**What needs to be done**
Extract exactly the lines from the top of the records through the line containing "1336.96), (1082.09, 1336.96)])", and keep pictures out of the copy.
__________
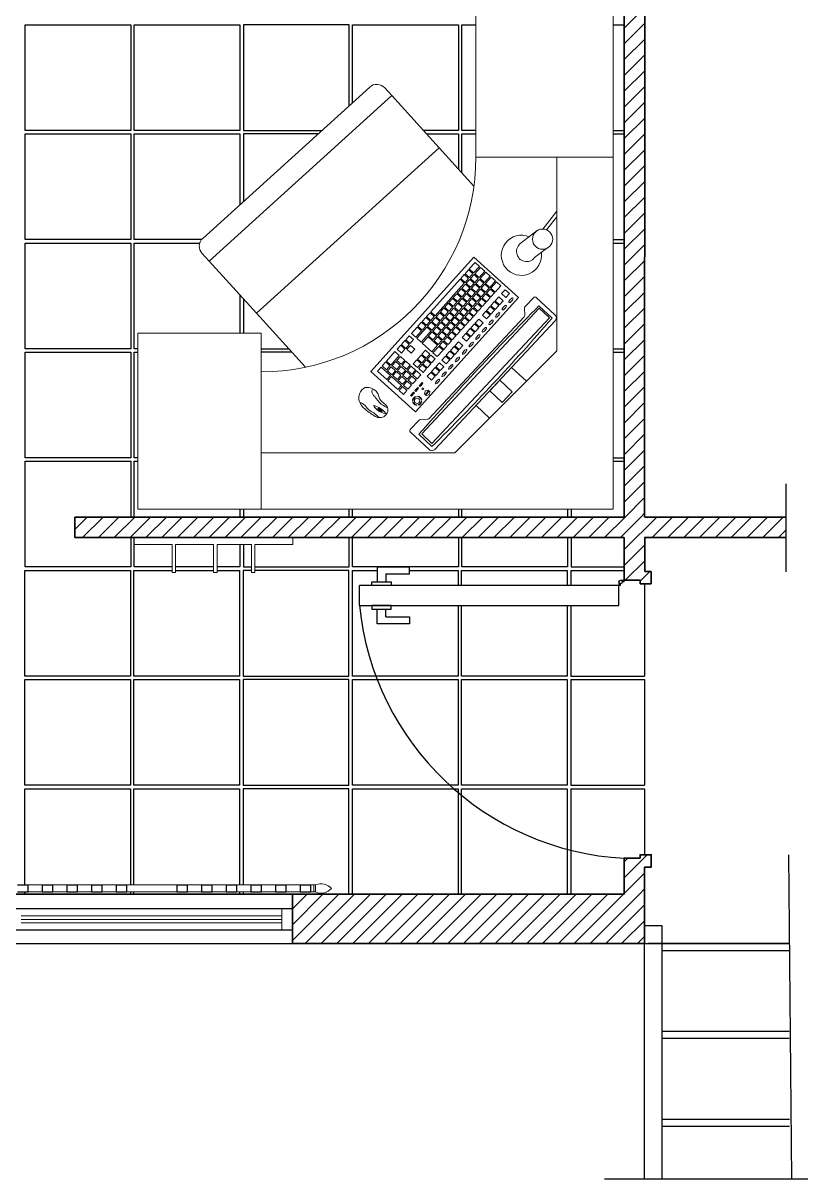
# Model space of a CAD drawing. Header units: millimetres. Extents: x 743 to 1845, y 1149 to 2111.
# Drawn here: x 905.7 to 1128.4, y 1148.9 to 1477.3 of the extents above; entities that cross this region are included whole.
import ezdxf

# ---------------------------------------------------------------- set-up
doc = ezdxf.new("R2010")
doc.units = ezdxf.units.MM
for name, color, linetype, lineweight in [('A-ELEV-MBE2', 4, 'Continuous', 25), ('A-FLOR-LEVL', 7, 'Continuous', 35), ('A-GLAZ-FURR', 4, 'Continuous', 18), ('arredo', 8, 'Continuous', 18), ('MURI', 7, 'Continuous', 35), ('muri sottili', 161, 'Continuous', 25)]:
    doc.layers.add(name, color=color, linetype=linetype, lineweight=lineweight)
for name, color, linetype in [('linee tratteggio', 6, 'Continuous'), ('pavimento', 51, 'Continuous'), ('porte', 150, 'Continuous'), ('tessuti', 31, 'Continuous')]:
    doc.layers.add(name, color=color, linetype=linetype)
pattern_1 = [(45, (0, 247.989), (-2.245064, 2.245064), [])]

msp = doc.modelspace()

# ---------------------------------------------------------------- hatches: boundary and pattern name
at = {"layer": 'arredo'}
h = msp.add_hatch(color=256, dxfattribs=at)
edge = h.paths.add_edge_path()
edge.add_ellipse((1006.95, 1367.37), major_axis=(-0.607, 0.417), ratio=0.281582, start_angle=0, end_angle=360)
at = {"layer": 'MURI'}
h = msp.add_hatch(dxfattribs=at)
h.set_pattern_fill('ANSI31', color=256)
h.set_pattern_definition(pattern_1)
h.paths.add_polyline_path([(768.12, 1215.79), (902.12, 1215.79), (902.12, 1229.79), (875.12, 1229.79), (862.12, 1229.79), (844.12, 1229.79), (822.12, 1229.79), (813.12, 1229.79), (782.12, 1229.79), (782.12, 1259.79), (782.12, 1625.79), (782.12, 1645.79), (782.12, 1662.79), (768.12, 1662.79), (768.12, 1645.79), (768.12, 1625.79)])
h.paths.add_polyline_path([(999.12, 1229.79), (998.12, 1229.79), (998.12, 1229.79), (982.12, 1229.79), (982.12, 1215.79), (1082.12, 1215.79), (1082.12, 1229.79), (1060.12, 1229.79), (1060.12, 1229.79), (1030.12, 1229.79), (1029.12, 1229.79), (1029.12, 1229.79)])
h = msp.add_hatch(dxfattribs=at)
h.set_pattern_fill('ANSI31', color=256)
h.paths.add_polyline_path([(1082.12, 1615.79), (1068.12, 1615.79), (1068.12, 1590.79), (1076.28, 1590.79), (1076.28, 1336.96), (1082.09, 1336.96)])
h = msp.add_hatch(dxfattribs=at)
h.set_pattern_fill('ANSI31', color=256)
h.paths.add_polyline_path([(1122.17, 1336.96), (1082.1, 1336.96), (1076.28, 1336.96), (920.3, 1336.96), (920.3, 1331.16), (1076.28, 1331.16), (1076.28, 1319.03), (1080.78, 1319.03), (1080.78, 1318.03), (1083.98, 1318.03), (1083.98, 1321.53), (1082.1, 1321.53), (1082.1, 1331.16), (1122.17, 1331.16)])
h = msp.add_hatch(dxfattribs=at)
h.set_pattern_fill('ANSI31', color=256)
h.set_pattern_definition(pattern_1)
h.paths.add_polyline_path([(1080.78, 1237.53), (1083.98, 1237.53), (1083.98, 1241.03), (1080.78, 1241.03), (1080.78, 1240.03), (1076.28, 1240.03), (1076.28, 1237.53)])
h = msp.add_hatch(dxfattribs=at)
h.set_pattern_fill('ANSI31', color=256)
h.set_pattern_definition(pattern_1)
h.paths.add_polyline_path([(1076.28, 1229.79), (1082.08, 1229.79), (1082.08, 1229.91), (1082.08, 1237.53), (1083.98, 1237.53), (1083.98, 1241.03), (1080.78, 1241.03), (1080.78, 1240.03), (1076.28, 1240.03), (1076.28, 1237.53)])

# ---------------------------------------------------------------- linework, layer by layer
at = {"layer": 'A-ELEV-MBE2'}
for p, q in [((1087.08, 1220.79), (1082.08, 1220.79)), ((1087.08, 1215.79), (1087.08, 1220.79)), ((1082.08, 1215.79), (1123.05, 1215.79)), ((1082.08, 1148.93), (1082.08, 1215.79)), ((1087.08, 1148.93), (1087.08, 1215.79)), ((1087.08, 1213.79), (1123.06, 1213.79)), ((1123.12, 1190.79), (1087.08, 1190.79)), ((1123.12, 1188.79), (1087.08, 1188.79)), ((1123.18, 1165.79), (1087.08, 1165.79)), ((1123.19, 1163.79), (1087.08, 1163.79))]:
    msp.add_line(p, q, dxfattribs=at)
at = {"layer": 'A-FLOR-LEVL'}
msp.add_line((1123.05, 1215.79), (1083.08, 1215.79), dxfattribs=at)
at = {"layer": 'A-GLAZ-FURR', "color": 4}
for p, q in [((979.12, 1225.63), (979.12, 1219.63)), ((979.12, 1223.63), (905.12, 1223.63)), ((979.12, 1222.63), (905.12, 1222.63)), ((979.12, 1221.63), (905.12, 1221.63))]:
    msp.add_line(p, q, dxfattribs=at)
at = {"layer": 'arredo'}
for p, q in [((1034.19, 1439.19), (1034.19, 1586.19)), ((1073.19, 1586.19), (1073.19, 1439.19)), ((956.63, 1416.13), (1004.05, 1459.12)), ((1010.3, 1456.69), (1008.29, 1458.91)), ((1010.3, 1456.69), (958.44, 1409.67)), ((1023.74, 1441.87), (1010.3, 1456.69)), ((1023.74, 1441.87), (971.87, 1394.86)), ((1033.63, 1430.96), (1023.74, 1441.87)), ((1073.19, 1439.19), (1034.19, 1439.19)), ((1073.19, 1439.19), (1034.19, 1439.19)), ((1057.19, 1439.19), (1057.19, 1384.19)), ((1073.19, 1339.19), (1073.19, 1439.19)), ((1053.14, 1418.78), (1057.19, 1423.9)), ((1054.25, 1418.55), (1057.19, 1422.26)), ((1051.59, 1418.33), (1046.69, 1414.55)), ((1050.86, 1410.66), (1054.26, 1413.28)), ((956.43, 1411.9), (958.44, 1409.67)), ((958.44, 1409.67), (971.87, 1394.86)), ((1033.57, 1410.81), (1004.35, 1378.28)), ((1033.94, 1409.25), (1032.32, 1407.44)), ((1046.3, 1399.37), (1033.57, 1410.81)), ((1035.17, 1408.15), (1033.94, 1409.25)), ((1030.9, 1405.86), (1029.88, 1404.73)), ((1032.12, 1404.76), (1030.9, 1405.86)), ((1032.12, 1407.22), (1031.1, 1406.09)), ((1031.1, 1406.09), (1032.33, 1404.99)), ((1033.34, 1406.12), (1032.12, 1407.22)), ((1032.32, 1407.44), (1033.54, 1406.34)), ((1032.33, 1404.99), (1033.34, 1406.12)), ((1033.65, 1405.84), (1032.63, 1404.71)), ((1033.54, 1406.34), (1035.17, 1408.15)), ((1034.87, 1404.74), (1033.65, 1405.84)), ((1035.47, 1407.88), (1033.85, 1406.07)), ((1033.85, 1406.07), (1035.07, 1404.97)), ((1035.07, 1404.97), (1036.7, 1406.78)), ((1037, 1406.5), (1035.38, 1404.69)), ((1036.7, 1406.78), (1035.47, 1407.88)), ((1036.6, 1403.6), (1038.23, 1405.4)), ((1038.23, 1405.4), (1037, 1406.5)), ((1029.68, 1404.51), (1021.36, 1395.25)), ((1022.59, 1394.15), (1030.9, 1403.41)), ((1030.9, 1403.41), (1029.68, 1404.51)), ((1029.88, 1404.73), (1031.11, 1403.63)), ((1031.21, 1403.13), (1030.2, 1402)), ((1031.11, 1403.63), (1032.12, 1404.76)), ((1032.43, 1402.03), (1031.21, 1403.13)), ((1032.43, 1404.49), (1031.41, 1403.36)), ((1031.41, 1403.36), (1032.64, 1402.26)), ((1033.65, 1403.39), (1032.43, 1404.49)), ((1032.63, 1404.71), (1033.85, 1403.61)), ((1032.64, 1402.26), (1033.65, 1403.39)), ((1033.96, 1403.11), (1032.94, 1401.98)), ((1033.85, 1403.61), (1034.87, 1404.74)), ((1035.18, 1402.01), (1033.96, 1403.11)), ((1035.18, 1404.47), (1034.16, 1403.34)), ((1034.16, 1403.34), (1035.38, 1402.24)), ((1036.4, 1403.37), (1035.18, 1404.47)), ((1035.38, 1404.69), (1036.6, 1403.6)), ((1035.38, 1402.24), (1036.4, 1403.37)), ((1036.7, 1403.09), (1035.69, 1401.97)), ((1037.93, 1402), (1036.7, 1403.09)), ((1038.53, 1405.13), (1036.91, 1403.32)), ((1036.91, 1403.32), (1038.13, 1402.22)), ((1038.13, 1402.22), (1039.75, 1404.03)), ((1040.06, 1403.75), (1038.44, 1401.95)), ((1039.75, 1404.03), (1038.53, 1405.13)), ((1039.66, 1400.85), (1041.28, 1402.65)), ((1041.28, 1402.65), (1040.06, 1403.75)), ((1017.08, 1366.85), (1046.3, 1399.37)), ((1027.56, 1399.07), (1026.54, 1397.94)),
__________
**Answer area**
# Model space of a CAD drawing. Header units: millimetres. Extents: x 743 to 1845, y 1149 to 2111.
# Drawn here: x 905.7 to 1128.4, y 1148.9 to 1477.3 of the extents above; entities that cross this region are included whole.
import ezdxf

# ---------------------------------------------------------------- set-up
doc = ezdxf.new("R2010")
doc.units = ezdxf.units.MM
for name, color, linetype, lineweight in [('A-ELEV-MBE2', 4, 'Continuous', 25), ('A-FLOR-LEVL', 7, 'Continuous', 35), ('A-GLAZ-FURR', 4, 'Continuous', 18), ('arredo', 8, 'Continuous', 18), ('MURI', 7, 'Continuous', 35), ('muri sottili', 161, 'Continuous', 25)]:
    doc.layers.add(name, color=color, linetype=linetype, lineweight=lineweight)
for name, color, linetype in [('linee tratteggio', 6, 'Continuous'), ('pavimento', 51, 'Continuous'), ('porte', 150, 'Continuous'), ('tessuti', 31, 'Continuous')]:
    doc.layers.add(name, color=color, linetype=linetype)
pattern_1 = [(45, (0, 247.989), (-2.245064, 2.245064), [])]

msp = doc.modelspace()

# ---------------------------------------------------------------- hatches: boundary and pattern name
at = {"layer": 'arredo'}
h = msp.add_hatch(color=256, dxfattribs=at)
edge = h.paths.add_edge_path()
edge.add_ellipse((1006.95, 1367.37), major_axis=(-0.607, 0.417), ratio=0.281582, start_angle=0, end_angle=360)
at = {"layer": 'MURI'}
h = msp.add_hatch(dxfattribs=at)
h.set_pattern_fill('ANSI31', color=256)
h.set_pattern_definition(pattern_1)
h.paths.add_polyline_path([(768.12, 1215.79), (902.12, 1215.79), (902.12, 1229.79), (875.12, 1229.79), (862.12, 1229.79), (844.12, 1229.79), (822.12, 1229.79), (813.12, 1229.79), (782.12, 1229.79), (782.12, 1259.79), (782.12, 1625.79), (782.12, 1645.79), (782.12, 1662.79), (768.12, 1662.79), (768.12, 1645.79), (768.12, 1625.79)])
h.paths.add_polyline_path([(999.12, 1229.79), (998.12, 1229.79), (998.12, 1229.79), (982.12, 1229.79), (982.12, 1215.79), (1082.12, 1215.79), (1082.12, 1229.79), (1060.12, 1229.79), (1060.12, 1229.79), (1030.12, 1229.79), (1029.12, 1229.79), (1029.12, 1229.79)])
h = msp.add_hatch(dxfattribs=at)
h.set_pattern_fill('ANSI31', color=256)
h.paths.add_polyline_path([(1082.12, 1615.79), (1068.12, 1615.79), (1068.12, 1590.79), (1076.28, 1590.79), (1076.28, 1336.96), (1082.09, 1336.96)])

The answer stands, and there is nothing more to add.